Write out the line that contains "10, 0) normal", then every following line to the end of the records below, with no other lines and no changes.

▼

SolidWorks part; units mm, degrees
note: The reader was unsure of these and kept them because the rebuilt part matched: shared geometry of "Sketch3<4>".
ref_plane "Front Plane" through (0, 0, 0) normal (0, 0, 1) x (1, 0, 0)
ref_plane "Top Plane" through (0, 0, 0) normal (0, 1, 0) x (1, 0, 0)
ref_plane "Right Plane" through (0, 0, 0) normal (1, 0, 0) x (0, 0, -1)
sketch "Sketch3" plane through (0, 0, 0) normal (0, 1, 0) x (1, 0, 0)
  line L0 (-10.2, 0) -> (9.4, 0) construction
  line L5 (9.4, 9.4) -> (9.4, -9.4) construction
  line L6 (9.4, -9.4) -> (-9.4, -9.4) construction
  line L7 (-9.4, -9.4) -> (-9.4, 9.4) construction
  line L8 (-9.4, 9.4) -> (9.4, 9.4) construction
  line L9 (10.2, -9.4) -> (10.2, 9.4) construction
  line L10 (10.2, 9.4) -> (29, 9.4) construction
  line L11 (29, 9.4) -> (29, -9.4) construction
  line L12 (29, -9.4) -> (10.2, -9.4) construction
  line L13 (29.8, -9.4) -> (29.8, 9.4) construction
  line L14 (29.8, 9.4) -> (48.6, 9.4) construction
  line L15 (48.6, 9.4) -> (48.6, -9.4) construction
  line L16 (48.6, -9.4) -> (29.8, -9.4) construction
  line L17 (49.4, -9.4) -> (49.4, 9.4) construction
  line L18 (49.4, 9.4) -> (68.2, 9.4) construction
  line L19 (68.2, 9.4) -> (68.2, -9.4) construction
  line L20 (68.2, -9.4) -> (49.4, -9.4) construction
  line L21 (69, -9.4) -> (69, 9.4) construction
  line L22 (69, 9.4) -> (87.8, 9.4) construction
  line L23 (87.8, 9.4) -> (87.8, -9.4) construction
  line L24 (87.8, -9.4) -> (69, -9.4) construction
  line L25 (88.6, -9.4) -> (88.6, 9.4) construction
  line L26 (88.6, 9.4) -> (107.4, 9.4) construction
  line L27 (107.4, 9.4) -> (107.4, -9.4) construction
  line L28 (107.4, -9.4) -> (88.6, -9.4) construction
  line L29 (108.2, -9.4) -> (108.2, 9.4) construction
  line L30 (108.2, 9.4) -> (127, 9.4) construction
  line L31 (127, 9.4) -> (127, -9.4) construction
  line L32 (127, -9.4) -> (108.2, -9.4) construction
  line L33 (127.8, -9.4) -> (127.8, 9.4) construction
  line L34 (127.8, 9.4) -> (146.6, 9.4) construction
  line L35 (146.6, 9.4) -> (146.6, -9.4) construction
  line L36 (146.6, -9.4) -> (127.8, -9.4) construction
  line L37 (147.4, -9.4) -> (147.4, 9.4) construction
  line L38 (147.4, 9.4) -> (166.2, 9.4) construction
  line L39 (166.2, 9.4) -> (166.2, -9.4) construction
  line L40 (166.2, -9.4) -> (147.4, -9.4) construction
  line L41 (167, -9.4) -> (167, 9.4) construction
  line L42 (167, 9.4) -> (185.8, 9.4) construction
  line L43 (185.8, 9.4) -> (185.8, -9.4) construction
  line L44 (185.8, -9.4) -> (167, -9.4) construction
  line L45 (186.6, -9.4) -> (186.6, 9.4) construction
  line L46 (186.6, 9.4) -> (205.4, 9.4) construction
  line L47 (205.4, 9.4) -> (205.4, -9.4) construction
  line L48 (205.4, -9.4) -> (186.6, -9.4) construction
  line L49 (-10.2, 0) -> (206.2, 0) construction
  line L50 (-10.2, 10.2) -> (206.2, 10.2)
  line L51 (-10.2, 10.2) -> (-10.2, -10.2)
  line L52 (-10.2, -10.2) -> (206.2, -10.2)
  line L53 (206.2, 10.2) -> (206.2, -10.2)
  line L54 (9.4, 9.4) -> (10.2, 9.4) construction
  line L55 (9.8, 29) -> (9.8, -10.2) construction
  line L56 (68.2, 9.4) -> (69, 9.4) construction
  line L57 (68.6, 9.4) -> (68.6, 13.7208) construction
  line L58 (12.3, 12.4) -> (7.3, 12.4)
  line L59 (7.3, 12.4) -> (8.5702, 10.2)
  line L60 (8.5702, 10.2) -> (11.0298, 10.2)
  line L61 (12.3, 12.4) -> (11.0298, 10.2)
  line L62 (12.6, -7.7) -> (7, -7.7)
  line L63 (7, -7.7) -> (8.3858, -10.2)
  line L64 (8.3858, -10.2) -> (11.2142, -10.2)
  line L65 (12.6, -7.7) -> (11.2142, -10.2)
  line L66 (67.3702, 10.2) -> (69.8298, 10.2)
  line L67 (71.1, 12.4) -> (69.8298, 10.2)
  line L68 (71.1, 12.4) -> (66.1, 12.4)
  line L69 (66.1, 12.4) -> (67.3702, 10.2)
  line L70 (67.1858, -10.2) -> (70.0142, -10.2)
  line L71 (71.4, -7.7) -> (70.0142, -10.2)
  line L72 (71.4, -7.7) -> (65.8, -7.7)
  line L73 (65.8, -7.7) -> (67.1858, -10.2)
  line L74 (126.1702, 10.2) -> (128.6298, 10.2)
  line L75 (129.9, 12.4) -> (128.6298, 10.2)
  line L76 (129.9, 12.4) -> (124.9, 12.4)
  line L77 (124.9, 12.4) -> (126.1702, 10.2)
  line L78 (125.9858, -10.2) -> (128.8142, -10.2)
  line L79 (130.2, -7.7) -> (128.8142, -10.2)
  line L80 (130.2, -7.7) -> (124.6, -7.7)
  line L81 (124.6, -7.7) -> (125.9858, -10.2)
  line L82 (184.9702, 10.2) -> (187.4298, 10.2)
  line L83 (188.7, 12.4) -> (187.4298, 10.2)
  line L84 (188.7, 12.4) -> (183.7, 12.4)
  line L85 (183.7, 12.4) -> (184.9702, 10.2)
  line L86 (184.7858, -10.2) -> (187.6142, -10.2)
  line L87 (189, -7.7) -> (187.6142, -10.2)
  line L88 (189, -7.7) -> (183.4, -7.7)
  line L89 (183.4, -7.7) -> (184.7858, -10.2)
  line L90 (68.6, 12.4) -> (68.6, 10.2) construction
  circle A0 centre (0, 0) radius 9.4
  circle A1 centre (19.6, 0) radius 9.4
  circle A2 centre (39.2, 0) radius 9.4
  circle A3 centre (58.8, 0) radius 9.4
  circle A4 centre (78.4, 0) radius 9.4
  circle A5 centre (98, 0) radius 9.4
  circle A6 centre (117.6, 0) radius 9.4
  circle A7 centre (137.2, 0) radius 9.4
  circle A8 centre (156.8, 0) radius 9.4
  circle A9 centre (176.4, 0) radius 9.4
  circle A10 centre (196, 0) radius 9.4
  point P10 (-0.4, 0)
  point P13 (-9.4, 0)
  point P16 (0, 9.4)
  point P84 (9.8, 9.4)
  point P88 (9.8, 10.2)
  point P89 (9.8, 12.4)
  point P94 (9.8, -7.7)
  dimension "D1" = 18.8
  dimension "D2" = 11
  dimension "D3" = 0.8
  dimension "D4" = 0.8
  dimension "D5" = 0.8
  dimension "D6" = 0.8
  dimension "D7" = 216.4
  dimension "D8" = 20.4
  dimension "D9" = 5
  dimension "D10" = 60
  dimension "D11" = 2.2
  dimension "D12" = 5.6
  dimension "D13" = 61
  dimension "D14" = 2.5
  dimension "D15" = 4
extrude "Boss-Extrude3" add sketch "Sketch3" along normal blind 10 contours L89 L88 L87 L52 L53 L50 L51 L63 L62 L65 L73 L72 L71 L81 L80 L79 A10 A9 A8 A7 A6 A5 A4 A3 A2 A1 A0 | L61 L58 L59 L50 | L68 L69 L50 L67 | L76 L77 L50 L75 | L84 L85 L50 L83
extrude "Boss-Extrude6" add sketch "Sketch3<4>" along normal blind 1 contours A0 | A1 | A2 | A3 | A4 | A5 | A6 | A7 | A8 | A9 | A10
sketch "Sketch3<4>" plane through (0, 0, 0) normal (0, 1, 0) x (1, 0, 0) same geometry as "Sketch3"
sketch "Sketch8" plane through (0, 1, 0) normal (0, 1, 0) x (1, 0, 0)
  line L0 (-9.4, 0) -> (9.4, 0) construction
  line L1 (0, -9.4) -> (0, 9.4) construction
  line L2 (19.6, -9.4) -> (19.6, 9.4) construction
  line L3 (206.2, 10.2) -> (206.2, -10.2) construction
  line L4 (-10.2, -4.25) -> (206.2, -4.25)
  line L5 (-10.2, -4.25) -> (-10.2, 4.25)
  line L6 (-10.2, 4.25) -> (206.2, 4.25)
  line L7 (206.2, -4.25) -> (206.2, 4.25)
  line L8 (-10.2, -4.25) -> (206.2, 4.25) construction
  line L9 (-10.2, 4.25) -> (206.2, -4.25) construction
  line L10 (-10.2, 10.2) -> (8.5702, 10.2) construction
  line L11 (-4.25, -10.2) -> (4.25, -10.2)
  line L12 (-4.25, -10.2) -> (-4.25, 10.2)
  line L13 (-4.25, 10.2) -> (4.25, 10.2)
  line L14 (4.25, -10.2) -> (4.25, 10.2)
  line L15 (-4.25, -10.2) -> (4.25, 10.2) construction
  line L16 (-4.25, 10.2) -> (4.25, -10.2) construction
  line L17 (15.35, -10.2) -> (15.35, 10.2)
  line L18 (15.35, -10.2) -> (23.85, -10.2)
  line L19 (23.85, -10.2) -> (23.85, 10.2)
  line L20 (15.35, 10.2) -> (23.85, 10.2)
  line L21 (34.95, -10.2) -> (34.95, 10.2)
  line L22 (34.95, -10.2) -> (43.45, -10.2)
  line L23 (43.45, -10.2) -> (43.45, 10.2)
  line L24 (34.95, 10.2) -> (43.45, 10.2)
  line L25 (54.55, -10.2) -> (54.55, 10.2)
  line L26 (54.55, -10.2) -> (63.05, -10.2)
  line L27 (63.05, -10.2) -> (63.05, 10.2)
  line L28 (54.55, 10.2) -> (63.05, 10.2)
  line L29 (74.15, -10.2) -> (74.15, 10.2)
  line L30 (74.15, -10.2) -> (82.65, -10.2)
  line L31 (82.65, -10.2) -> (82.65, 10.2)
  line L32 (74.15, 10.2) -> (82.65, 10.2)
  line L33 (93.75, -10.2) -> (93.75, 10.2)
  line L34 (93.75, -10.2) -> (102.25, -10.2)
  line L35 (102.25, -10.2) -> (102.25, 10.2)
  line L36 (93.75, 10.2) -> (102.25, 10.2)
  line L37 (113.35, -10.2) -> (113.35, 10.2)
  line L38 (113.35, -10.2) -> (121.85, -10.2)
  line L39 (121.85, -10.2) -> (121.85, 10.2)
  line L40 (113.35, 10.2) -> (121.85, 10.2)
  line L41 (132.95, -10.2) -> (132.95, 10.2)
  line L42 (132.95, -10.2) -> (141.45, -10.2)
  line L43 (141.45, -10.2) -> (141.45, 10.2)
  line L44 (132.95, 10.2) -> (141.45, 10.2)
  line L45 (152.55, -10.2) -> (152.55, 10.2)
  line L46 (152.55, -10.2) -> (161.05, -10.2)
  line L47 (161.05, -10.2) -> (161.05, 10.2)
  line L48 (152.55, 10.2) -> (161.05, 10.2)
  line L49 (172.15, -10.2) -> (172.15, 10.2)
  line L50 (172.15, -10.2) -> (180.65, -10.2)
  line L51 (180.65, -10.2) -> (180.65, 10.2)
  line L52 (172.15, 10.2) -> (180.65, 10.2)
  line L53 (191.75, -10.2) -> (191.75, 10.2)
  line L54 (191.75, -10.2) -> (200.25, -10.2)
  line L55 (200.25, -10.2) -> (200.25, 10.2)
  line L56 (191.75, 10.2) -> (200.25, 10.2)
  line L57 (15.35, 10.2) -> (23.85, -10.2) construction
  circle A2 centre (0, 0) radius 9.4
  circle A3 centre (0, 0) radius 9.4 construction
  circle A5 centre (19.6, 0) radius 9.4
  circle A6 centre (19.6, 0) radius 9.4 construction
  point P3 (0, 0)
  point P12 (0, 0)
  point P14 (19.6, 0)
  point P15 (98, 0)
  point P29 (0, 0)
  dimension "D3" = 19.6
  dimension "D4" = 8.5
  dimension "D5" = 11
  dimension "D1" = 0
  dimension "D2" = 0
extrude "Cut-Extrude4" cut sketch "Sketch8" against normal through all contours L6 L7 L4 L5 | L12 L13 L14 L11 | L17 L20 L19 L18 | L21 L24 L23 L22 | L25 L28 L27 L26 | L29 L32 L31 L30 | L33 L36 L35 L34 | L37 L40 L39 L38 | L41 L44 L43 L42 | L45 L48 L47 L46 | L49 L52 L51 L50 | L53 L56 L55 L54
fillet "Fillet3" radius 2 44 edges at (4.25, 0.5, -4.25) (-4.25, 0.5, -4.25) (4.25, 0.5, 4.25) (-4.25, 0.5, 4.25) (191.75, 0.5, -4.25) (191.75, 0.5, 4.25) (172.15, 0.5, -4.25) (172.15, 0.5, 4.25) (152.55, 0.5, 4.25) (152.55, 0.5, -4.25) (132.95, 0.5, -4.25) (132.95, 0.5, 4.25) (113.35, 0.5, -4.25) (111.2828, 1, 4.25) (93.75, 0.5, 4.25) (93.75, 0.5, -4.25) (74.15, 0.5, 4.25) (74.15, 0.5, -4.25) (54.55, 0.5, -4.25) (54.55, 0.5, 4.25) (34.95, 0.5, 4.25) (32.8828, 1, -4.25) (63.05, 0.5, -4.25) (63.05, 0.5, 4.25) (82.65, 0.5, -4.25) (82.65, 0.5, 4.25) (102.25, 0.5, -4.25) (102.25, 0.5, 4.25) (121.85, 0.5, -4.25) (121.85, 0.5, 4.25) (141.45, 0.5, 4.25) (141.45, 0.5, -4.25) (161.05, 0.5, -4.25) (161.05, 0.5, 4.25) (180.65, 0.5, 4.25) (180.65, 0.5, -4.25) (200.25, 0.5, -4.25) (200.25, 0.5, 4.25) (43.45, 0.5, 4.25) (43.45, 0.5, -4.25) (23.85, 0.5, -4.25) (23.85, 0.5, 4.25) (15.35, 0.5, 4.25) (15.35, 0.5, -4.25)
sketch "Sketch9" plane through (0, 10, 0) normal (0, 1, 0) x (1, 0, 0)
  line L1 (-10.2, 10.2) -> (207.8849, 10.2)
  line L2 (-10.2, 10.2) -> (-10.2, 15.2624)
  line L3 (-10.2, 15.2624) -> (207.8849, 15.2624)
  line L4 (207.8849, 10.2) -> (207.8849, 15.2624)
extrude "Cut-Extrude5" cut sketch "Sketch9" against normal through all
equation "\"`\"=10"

▲

_Written solution_
sketch "Sketch9" plane through (0, 10, 0) normal (0, 1, 0) x (1, 0, 0)
  line L1 (-10.2, 10.2) -> (207.8849, 10.2)
  line L2 (-10.2, 10.2) -> (-10.2, 15.2624)
  line L3 (-10.2, 15.2624) -> (207.8849, 15.2624)
  line L4 (207.8849, 10.2) -> (207.8849, 15.2624)
extrude "Cut-Extrude5" cut sketch "Sketch9" against normal through all
equation "\"`\"=10"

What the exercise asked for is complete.